Слайд 2: Evaluation of New Attachment and Bone Regeneration
Clinical Methods Consist of: 1. Probing depth measurements (pre- and post-treatment). 2. Clinical gingival indices. 3. Determination of attachment level, care should be taken to measure the defect by placing the probe at the exact same point before and after treatment and also with the same angulation.
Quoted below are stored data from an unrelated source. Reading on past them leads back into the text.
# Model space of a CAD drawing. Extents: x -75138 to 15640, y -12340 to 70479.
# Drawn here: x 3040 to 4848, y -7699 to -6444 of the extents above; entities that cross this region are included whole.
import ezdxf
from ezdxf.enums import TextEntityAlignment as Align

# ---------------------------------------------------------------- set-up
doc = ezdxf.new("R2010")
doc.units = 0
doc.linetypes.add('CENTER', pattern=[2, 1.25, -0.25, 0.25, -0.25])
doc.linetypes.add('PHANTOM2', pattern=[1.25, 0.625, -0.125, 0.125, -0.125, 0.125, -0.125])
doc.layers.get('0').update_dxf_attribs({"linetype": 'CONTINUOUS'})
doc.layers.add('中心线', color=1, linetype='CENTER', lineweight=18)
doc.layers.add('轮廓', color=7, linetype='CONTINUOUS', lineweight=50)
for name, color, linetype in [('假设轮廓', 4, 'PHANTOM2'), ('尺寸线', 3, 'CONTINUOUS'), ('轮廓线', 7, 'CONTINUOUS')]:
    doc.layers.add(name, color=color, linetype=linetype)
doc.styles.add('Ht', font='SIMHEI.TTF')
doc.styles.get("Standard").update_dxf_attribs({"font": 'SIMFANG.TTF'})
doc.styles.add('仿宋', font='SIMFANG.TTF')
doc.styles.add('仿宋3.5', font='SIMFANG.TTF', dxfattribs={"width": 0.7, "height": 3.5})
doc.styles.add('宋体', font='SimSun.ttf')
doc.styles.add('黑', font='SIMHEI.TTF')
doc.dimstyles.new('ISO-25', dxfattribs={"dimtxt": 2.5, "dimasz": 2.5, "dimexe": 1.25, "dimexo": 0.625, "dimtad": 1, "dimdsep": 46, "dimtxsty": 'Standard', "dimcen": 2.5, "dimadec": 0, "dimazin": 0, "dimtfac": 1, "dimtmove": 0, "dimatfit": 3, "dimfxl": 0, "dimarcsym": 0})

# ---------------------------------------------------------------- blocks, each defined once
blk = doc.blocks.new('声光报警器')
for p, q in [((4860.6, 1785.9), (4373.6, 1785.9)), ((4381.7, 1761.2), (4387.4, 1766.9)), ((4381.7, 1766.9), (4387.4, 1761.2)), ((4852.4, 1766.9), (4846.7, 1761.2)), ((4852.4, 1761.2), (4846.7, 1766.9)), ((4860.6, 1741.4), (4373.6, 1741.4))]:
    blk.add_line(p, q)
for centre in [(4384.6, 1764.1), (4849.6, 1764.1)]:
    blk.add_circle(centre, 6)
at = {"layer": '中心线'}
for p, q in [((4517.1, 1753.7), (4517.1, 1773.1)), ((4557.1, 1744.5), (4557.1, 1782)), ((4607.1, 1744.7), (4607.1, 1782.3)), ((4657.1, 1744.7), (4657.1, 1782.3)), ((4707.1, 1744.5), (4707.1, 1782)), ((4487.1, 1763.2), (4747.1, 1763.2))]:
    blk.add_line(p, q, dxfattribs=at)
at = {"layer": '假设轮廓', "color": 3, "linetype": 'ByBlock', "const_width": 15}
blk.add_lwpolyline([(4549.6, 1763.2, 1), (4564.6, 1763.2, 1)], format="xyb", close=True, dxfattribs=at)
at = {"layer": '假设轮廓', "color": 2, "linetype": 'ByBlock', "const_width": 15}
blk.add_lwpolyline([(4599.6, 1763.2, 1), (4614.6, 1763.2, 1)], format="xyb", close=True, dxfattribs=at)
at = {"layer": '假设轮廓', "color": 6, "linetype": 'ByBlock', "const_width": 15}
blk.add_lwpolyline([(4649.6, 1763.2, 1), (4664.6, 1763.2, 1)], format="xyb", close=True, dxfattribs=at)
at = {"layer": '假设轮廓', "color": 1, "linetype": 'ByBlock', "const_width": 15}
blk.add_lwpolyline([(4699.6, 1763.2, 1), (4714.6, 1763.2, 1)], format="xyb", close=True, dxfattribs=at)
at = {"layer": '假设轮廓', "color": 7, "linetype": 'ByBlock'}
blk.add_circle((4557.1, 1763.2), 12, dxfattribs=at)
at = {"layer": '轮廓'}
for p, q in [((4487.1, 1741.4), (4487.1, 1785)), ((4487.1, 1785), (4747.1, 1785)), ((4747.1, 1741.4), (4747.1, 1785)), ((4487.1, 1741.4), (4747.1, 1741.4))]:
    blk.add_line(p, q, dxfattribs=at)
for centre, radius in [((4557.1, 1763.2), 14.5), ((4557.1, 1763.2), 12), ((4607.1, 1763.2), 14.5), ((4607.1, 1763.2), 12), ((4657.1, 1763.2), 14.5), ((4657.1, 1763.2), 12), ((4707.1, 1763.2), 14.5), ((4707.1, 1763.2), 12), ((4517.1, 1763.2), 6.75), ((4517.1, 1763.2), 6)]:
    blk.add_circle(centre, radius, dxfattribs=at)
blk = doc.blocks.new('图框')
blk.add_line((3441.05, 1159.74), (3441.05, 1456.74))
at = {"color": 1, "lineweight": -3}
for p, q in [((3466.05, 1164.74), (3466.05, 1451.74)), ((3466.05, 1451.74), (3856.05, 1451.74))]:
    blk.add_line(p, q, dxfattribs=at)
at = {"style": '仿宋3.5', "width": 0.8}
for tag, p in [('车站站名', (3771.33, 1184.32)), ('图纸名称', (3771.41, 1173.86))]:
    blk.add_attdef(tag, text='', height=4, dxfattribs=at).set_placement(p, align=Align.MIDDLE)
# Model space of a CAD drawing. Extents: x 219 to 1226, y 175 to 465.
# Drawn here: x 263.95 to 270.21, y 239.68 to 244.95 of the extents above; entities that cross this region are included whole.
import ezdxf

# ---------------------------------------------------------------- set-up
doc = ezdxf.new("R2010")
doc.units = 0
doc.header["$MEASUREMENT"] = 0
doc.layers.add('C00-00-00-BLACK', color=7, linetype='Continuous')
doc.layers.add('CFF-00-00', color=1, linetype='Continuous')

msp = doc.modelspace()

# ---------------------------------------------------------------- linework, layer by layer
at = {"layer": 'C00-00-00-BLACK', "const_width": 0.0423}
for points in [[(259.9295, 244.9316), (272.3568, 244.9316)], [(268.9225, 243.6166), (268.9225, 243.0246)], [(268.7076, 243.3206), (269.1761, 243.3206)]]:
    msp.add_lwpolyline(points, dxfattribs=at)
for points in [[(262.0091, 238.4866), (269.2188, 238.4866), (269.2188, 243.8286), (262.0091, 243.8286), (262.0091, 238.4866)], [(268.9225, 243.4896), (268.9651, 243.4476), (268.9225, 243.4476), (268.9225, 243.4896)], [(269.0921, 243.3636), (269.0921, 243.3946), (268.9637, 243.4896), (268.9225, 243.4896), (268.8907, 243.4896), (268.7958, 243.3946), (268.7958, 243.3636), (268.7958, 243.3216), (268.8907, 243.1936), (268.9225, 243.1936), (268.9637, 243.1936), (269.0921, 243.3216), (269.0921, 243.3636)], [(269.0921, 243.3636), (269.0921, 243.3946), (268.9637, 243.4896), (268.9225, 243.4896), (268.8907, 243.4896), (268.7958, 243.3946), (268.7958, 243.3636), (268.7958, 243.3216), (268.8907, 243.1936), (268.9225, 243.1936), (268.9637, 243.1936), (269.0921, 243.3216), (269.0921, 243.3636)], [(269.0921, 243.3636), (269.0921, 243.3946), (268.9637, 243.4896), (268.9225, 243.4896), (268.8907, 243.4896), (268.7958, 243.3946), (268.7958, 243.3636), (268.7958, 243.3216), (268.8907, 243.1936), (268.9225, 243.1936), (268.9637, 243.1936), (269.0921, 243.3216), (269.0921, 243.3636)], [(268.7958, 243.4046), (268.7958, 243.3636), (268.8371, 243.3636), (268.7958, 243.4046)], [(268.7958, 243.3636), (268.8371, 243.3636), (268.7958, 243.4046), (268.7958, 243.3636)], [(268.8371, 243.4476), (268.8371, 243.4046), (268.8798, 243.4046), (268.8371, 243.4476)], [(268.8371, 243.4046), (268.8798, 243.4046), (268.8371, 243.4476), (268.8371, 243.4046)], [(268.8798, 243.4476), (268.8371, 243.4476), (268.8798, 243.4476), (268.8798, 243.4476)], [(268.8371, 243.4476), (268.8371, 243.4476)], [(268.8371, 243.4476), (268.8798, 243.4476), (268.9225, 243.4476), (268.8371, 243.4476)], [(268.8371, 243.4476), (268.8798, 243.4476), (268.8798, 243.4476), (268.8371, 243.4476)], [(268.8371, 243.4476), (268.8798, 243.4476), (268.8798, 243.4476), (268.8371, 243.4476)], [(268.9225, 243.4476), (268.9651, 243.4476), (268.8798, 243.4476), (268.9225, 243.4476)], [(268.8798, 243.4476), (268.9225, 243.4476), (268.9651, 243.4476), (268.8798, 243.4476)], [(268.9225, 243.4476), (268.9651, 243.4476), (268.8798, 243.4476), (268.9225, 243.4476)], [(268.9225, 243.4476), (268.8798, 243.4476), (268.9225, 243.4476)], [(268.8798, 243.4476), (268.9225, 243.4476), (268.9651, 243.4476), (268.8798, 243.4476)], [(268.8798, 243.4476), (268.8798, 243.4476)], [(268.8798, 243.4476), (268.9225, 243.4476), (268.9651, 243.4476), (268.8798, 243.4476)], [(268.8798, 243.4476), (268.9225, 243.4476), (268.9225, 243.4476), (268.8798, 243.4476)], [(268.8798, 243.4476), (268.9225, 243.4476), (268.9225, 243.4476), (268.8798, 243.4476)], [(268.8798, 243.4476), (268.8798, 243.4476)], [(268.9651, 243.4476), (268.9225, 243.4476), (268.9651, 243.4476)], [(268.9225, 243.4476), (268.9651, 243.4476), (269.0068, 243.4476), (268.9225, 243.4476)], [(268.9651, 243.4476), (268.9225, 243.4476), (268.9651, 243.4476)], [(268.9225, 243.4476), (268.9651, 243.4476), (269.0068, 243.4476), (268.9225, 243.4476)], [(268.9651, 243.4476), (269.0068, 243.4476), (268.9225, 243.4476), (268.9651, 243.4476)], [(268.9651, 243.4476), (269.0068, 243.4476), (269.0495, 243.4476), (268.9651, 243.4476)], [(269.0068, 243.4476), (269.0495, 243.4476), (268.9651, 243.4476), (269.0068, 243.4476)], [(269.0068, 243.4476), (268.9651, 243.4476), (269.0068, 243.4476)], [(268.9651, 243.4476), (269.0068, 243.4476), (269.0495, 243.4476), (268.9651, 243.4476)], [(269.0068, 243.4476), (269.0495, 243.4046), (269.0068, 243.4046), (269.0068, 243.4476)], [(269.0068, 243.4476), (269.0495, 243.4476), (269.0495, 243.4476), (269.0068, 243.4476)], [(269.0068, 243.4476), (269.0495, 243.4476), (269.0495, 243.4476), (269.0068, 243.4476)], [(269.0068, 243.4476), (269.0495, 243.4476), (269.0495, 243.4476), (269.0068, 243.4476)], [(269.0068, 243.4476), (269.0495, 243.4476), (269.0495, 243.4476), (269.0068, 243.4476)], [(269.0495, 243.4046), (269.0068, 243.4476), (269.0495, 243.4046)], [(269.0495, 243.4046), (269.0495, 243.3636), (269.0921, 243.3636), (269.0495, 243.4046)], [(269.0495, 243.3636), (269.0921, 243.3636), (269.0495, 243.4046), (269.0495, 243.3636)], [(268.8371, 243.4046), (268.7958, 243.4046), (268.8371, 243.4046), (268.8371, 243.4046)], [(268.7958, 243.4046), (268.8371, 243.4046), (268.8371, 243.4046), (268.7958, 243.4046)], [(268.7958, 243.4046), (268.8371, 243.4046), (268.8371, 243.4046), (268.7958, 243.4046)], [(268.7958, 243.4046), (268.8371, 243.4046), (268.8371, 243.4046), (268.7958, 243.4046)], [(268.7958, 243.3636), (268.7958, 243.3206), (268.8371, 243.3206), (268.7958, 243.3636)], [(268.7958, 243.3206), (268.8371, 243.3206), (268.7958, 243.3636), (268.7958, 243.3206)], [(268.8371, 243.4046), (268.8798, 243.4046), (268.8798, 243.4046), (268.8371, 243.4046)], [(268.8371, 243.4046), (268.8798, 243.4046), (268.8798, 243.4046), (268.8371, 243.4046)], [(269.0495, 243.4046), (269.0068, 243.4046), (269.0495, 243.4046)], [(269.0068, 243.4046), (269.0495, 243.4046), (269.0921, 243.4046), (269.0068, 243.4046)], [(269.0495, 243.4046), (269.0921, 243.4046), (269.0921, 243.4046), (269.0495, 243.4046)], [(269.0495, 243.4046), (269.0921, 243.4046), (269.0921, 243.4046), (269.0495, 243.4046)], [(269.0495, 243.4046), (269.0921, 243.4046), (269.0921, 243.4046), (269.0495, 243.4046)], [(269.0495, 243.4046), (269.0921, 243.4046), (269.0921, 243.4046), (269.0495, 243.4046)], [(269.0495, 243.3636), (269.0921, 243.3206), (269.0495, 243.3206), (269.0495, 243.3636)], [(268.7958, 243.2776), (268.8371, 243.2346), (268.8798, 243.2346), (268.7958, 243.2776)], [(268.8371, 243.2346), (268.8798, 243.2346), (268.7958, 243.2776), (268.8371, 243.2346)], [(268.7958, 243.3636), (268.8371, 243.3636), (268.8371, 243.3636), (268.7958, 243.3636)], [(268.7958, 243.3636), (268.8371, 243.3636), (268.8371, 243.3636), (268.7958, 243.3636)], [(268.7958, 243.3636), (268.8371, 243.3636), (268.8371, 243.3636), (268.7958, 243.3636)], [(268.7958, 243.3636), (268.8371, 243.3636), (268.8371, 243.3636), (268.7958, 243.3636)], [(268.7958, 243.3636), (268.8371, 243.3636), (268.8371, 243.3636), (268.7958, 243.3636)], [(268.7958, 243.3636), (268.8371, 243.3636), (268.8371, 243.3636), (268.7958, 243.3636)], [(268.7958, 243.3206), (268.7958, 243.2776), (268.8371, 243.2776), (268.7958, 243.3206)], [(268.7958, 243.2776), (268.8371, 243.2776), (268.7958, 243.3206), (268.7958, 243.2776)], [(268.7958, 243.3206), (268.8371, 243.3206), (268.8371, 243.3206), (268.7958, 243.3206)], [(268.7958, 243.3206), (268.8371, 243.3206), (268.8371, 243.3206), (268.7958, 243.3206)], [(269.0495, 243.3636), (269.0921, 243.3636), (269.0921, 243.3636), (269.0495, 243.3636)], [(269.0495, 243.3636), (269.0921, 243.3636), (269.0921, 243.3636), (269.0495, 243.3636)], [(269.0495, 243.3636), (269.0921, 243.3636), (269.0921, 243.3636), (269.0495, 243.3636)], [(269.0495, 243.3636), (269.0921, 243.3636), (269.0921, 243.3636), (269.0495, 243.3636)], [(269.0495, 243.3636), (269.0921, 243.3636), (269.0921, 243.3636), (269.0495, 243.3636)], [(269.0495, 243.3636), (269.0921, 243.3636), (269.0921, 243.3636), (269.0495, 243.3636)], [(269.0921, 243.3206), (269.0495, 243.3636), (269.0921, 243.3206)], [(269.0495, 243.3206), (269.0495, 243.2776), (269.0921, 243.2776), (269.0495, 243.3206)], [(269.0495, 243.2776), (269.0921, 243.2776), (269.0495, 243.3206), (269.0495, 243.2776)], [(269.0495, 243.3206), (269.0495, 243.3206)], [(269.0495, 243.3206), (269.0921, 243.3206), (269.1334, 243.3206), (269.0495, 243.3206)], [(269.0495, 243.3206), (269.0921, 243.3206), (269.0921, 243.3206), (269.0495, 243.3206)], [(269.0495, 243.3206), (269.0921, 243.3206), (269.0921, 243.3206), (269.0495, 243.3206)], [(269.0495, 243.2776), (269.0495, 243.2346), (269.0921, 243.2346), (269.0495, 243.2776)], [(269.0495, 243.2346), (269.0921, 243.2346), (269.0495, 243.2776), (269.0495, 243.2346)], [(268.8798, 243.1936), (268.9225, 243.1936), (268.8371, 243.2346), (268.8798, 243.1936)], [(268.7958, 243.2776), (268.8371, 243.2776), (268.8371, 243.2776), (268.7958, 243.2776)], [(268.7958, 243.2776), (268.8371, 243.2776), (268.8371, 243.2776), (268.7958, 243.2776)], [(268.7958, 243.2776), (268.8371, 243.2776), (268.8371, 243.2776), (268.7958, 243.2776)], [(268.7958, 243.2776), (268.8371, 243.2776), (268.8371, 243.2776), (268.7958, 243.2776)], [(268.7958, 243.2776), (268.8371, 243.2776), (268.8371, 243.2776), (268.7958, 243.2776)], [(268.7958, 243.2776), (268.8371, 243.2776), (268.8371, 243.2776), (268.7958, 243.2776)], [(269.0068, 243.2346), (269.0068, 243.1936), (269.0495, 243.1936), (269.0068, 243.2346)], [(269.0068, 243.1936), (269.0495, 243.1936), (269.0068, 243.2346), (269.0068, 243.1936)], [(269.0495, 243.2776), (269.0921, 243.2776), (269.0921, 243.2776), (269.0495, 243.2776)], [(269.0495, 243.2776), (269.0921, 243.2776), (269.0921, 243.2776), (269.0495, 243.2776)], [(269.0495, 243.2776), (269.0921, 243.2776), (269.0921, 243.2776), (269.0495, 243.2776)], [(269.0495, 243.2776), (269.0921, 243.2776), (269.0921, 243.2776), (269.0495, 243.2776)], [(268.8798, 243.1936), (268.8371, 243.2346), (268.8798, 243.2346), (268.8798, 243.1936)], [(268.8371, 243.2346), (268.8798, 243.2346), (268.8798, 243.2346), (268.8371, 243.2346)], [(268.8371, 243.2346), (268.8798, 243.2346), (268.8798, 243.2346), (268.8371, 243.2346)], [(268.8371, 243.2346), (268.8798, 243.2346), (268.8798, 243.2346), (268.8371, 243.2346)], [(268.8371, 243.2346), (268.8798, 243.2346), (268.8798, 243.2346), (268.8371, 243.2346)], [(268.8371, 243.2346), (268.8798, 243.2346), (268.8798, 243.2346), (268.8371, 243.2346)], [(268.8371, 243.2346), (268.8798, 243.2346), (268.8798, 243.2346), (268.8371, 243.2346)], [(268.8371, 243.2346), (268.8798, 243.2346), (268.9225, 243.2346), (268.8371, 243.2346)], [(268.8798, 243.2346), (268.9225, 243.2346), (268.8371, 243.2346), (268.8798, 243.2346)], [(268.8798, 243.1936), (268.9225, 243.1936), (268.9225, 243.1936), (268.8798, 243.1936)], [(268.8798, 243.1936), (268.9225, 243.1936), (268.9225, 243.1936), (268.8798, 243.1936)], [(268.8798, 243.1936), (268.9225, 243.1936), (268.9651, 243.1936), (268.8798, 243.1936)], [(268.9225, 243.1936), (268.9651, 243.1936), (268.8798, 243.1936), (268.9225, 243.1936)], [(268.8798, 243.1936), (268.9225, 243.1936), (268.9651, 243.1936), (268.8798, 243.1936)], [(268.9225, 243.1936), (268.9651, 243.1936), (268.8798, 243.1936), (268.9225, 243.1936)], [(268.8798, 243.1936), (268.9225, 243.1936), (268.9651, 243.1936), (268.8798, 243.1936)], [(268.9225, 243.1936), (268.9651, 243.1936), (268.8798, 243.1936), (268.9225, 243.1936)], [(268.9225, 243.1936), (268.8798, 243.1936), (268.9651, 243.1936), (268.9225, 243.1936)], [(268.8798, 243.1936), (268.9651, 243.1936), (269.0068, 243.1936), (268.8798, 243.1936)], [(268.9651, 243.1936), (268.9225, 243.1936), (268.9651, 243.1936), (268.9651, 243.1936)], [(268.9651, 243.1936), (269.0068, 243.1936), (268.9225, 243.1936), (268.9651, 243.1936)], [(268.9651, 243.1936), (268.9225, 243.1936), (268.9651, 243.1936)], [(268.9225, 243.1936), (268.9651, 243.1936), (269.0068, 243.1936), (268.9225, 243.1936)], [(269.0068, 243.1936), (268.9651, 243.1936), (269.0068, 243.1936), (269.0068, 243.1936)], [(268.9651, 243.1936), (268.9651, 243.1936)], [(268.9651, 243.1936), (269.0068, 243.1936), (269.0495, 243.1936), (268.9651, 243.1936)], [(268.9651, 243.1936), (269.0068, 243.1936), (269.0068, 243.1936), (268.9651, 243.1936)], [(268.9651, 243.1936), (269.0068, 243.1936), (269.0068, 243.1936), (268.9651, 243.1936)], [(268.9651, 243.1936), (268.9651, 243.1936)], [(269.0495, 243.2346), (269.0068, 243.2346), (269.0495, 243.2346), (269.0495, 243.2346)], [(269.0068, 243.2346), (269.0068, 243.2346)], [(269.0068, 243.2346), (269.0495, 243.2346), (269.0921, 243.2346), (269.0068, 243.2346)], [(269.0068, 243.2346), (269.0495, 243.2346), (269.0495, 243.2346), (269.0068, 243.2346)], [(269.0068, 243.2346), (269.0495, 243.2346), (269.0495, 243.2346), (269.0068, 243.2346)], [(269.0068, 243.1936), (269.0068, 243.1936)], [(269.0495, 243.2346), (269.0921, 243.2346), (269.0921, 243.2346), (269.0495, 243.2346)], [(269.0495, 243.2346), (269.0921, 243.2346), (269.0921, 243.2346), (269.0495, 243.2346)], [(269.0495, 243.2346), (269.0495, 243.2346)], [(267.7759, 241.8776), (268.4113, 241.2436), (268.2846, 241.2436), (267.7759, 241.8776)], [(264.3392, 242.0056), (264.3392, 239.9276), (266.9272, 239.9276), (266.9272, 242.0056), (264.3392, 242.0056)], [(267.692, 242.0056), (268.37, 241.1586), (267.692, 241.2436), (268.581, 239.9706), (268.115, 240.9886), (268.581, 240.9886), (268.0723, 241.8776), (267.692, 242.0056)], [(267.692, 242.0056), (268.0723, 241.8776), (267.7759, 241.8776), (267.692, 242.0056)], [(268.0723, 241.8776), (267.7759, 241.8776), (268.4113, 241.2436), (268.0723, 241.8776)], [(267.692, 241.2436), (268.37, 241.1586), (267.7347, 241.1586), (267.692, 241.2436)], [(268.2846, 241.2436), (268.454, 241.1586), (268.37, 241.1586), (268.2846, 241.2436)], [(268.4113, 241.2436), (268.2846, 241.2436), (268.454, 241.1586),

Pre- and postoperative probing measurements without standardized method may not be reliable. Essentials of Clinical Periodontology and Periodontics. Shantipriya Reddy. 2011.
Слайд 3: Evaluation of New Attachment and Bone Regeneration
Radiographic Methods Standardized techniques for reproducible positioning of the film and tubing is very difficult. Even with standardization, the radiograph may not show the entire topography of the area before or after the treatment. Furthermore, thin bony trabeculae which was present before treatment may go undetected because minimal amount of mineralized tissue must be present to be seen or registered on the radiograph. Essentials of Clinical Periodontology and Periodontics. Shantipriya Reddy. 2011.
Слайд 4: Evaluation of New Attachment and Bone Regeneration
Surgical Re-entry This can give the best view of the state of the bone crest that can be compared with the one taken during the initial surgical intervention and can also be subjected to measurements. Even models can be used to appreciate the results of the therapy (pretreatment and post-treatment). This method is very useful but has two shortcomings: a. It requires a frequently unnecessary second operation. b. It does not show the type of attachment that exists (epithelial or connective tissue attachments). Essentials of Clinical Periodontology and Periodontics. Shantipriya Reddy. 2011.
Слайд 5: Evaluation of New Attachment and Bone Regeneration
Histological Methods The type of attachment can only be determined by the histologic analysis of the tissue block taken from the healed area. Although this can give us the clear picture of regeneration of the attachment apparatus, it is not without problems. They are: a. The need to remove a tooth with its periodontium treated successfully limits the volunteers. b. Animal models (monkey, dog, pigs) can be used to clarify some aspects and but one must always remember the differences that exists when extrapolations to humans are attempted. Essentials of Clinical Periodontology and Periodontics. Shantipriya Reddy. 2011.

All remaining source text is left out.